Mike Tyson war für viele von uns der Einstieg in diesen brutalen, doch gleichzeitig so faszinierenden Sport.

Wie die erste Liebe so vergisst der Box-Fan auch nie seine ersten Helden.

Es wurde daher längste Zeit, dass man sich ernsthaft mit der Person Mike Tyson & ihren Facetten filmisch befasst.




Noch mal zurück zur ersten Frage am Anfang des Artikels :

Wer ist nun Mike Tyson ?
Ist Mike Tyson nur der Asoziale, der Leuten manchmal ein Ohr abkaut (haha, Wortwitz) ?
Ist Iron Mike nur das unglaubliche Boxtalent, das Scharen von Menschen begeistern konnte ?

Die Dokumentation "Tyson" stellt ausnahmsweise nicht uns diese Frage, den Freunden & Feinden von Iron Mike, den Menschen, die Box-Sport verabscheuen oder lieben, sie stellt Mike Tyson selbst diese Frage.

Und Iron Mike antwortet.

Er gibt Auskunft über sein Leben, seine größten Erfolge, seine größten Niederlagen, das was ihn in seiner 20-jährigen Laufbahn in der breiten Öffentlichkeit zum Exempel eines Hate-it-or-love-it-Charakters gemacht hat.
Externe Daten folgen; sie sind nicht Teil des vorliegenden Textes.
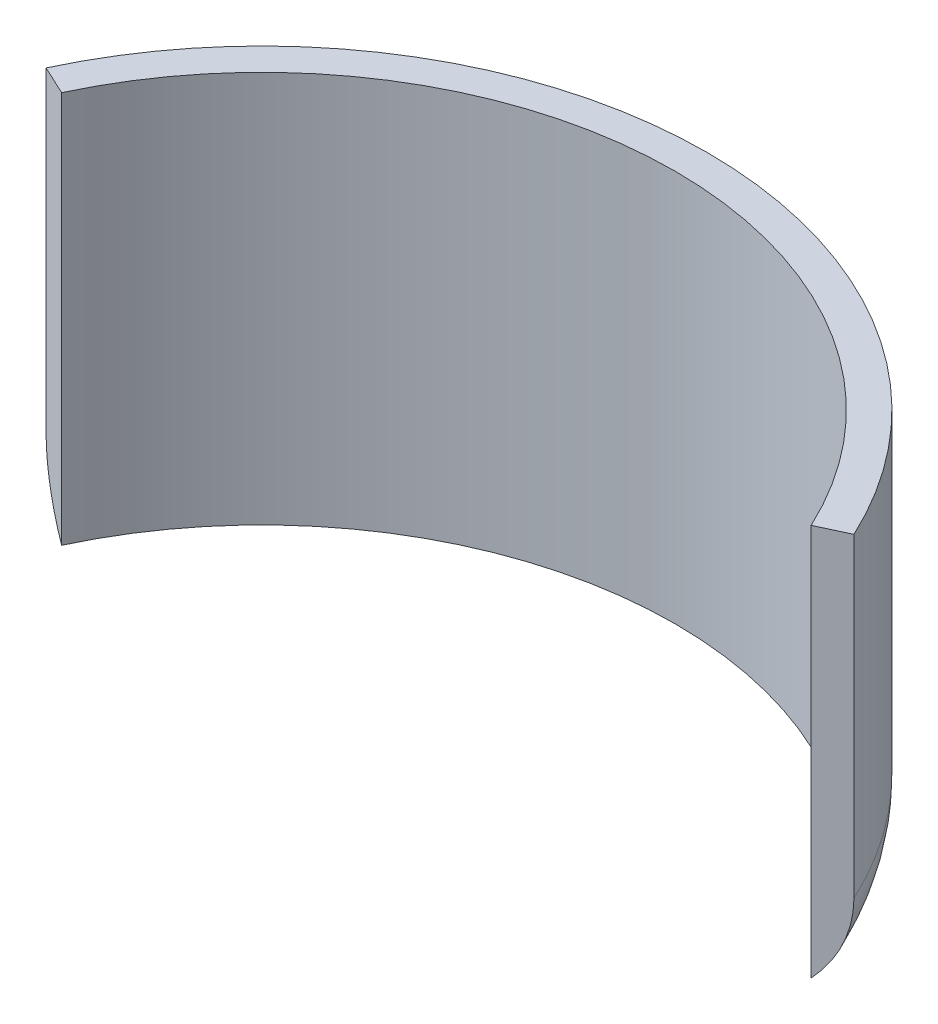
SolidWorks part; units mm, degrees
ref_plane "Front Plane" through (0, 0, 0) normal (0, 0, 1) x (1, 0, 0)
ref_plane "Top Plane" through (0, 0, 0) normal (0, 1, 0) x (1, 0, 0)
ref_plane "Right Plane" through (0, 0, 0) normal (1, 0, 0) x (0, 0, -1)
sketch "Sketch2" plane through (0, 0, 0) normal (1, 0, 0) x (0, 0, -1)
  line L0 (-40, 51.0988) -> (-40, -18.25) construction
  line L1 (-1.5, 18.25) -> (1.5, 18.25)
  line L2 (-1.5, 18.25) -> (-1.5, -18.25)
  line L3 (-1.5, -18.25) -> (1.5, -18.25)
  line L4 (1.5, 18.25) -> (1.5, -18.25)
  line L5 (-1.5, 18.25) -> (1.5, -18.25) construction
  line L6 (-1.5, -18.25) -> (1.5, 18.25) construction
  point P0 (0, 0)
  dimension "D1" = 36.5
  dimension "D2" = 3
  dimension "D3" = 40
revolve "Revolve1" add sketch "Sketch2" angle 65 about L0
fillet "Fillet1" radius 10 1 edges at (0, -18.25, -1.5)

Auch unangenehmen Fragen, wie z.B. sein spannungsgeladenes Privat-Leben werden nicht ausgespart, sondern angemessen beleuchtet. Wir erfahren das hinter der Fassade des Bad Boys Iron Mike bzw. Kid Dynamite mehr steckt als nur das, was wir gerne sehen möchten, ob nun positiv oder negativ:

Scheinbar Unvereinbares, wie seine Liebe zur Taubenzucht und die Motivation hinter dem Boxen, werden in dieser nahegehenden Dokumentation doch noch vereint und man erhält einen etwas besseren Eindruck über die Persönlichkeit (weit weg aber von allumfassend, das sollte auch kein Anspruch an eine 1,5-stündige Dokumentation sein) eines der besten Puncher aller Zeiten.
Vielleicht gibt diese Dokumentation auch den bisher eher dem Boxen negativ eingestellten Menschen eine Antwort auf die Frage, warum die Faszination für die Helden des Faustkampfs nahezu ungebrochen in unserer Zeit vorherrscht, selbst dann, wenn der allgemeine Konsens über Boxer derjenige ist, dass es sich um gescheiterte Prügler handelt:

„Ein Held wird man durch heroische Taten, nicht durch Siege oder Niederlagen.“

Von daher sei Mike Tyson der größtmöglichste Respekt gezollt, dass er sich aus seiner misslichen Lage als Kind im Ghetto hinaus kämpfte bis (klischeehaft, ich weiß) ganz nach oben und dass er es sogar verkraftet hat, dass dieser Höhenflüg auch wieder ein Ende gefunden hat.

Aber es gab bereits jemanden, der das viel besser als ich ausgedrückt hat :

„Es zählt bloß, wieviele Schläge man einstecken kann und ob man trotzdem weitermacht.
Wieviel man einstecken kann und trotzdem weitermacht.... Nur so gewinnt man !“
- Rocky Balboa.

In diesem Sinne kann ich die Dokumentation nur wärmstens weiterempfehlen.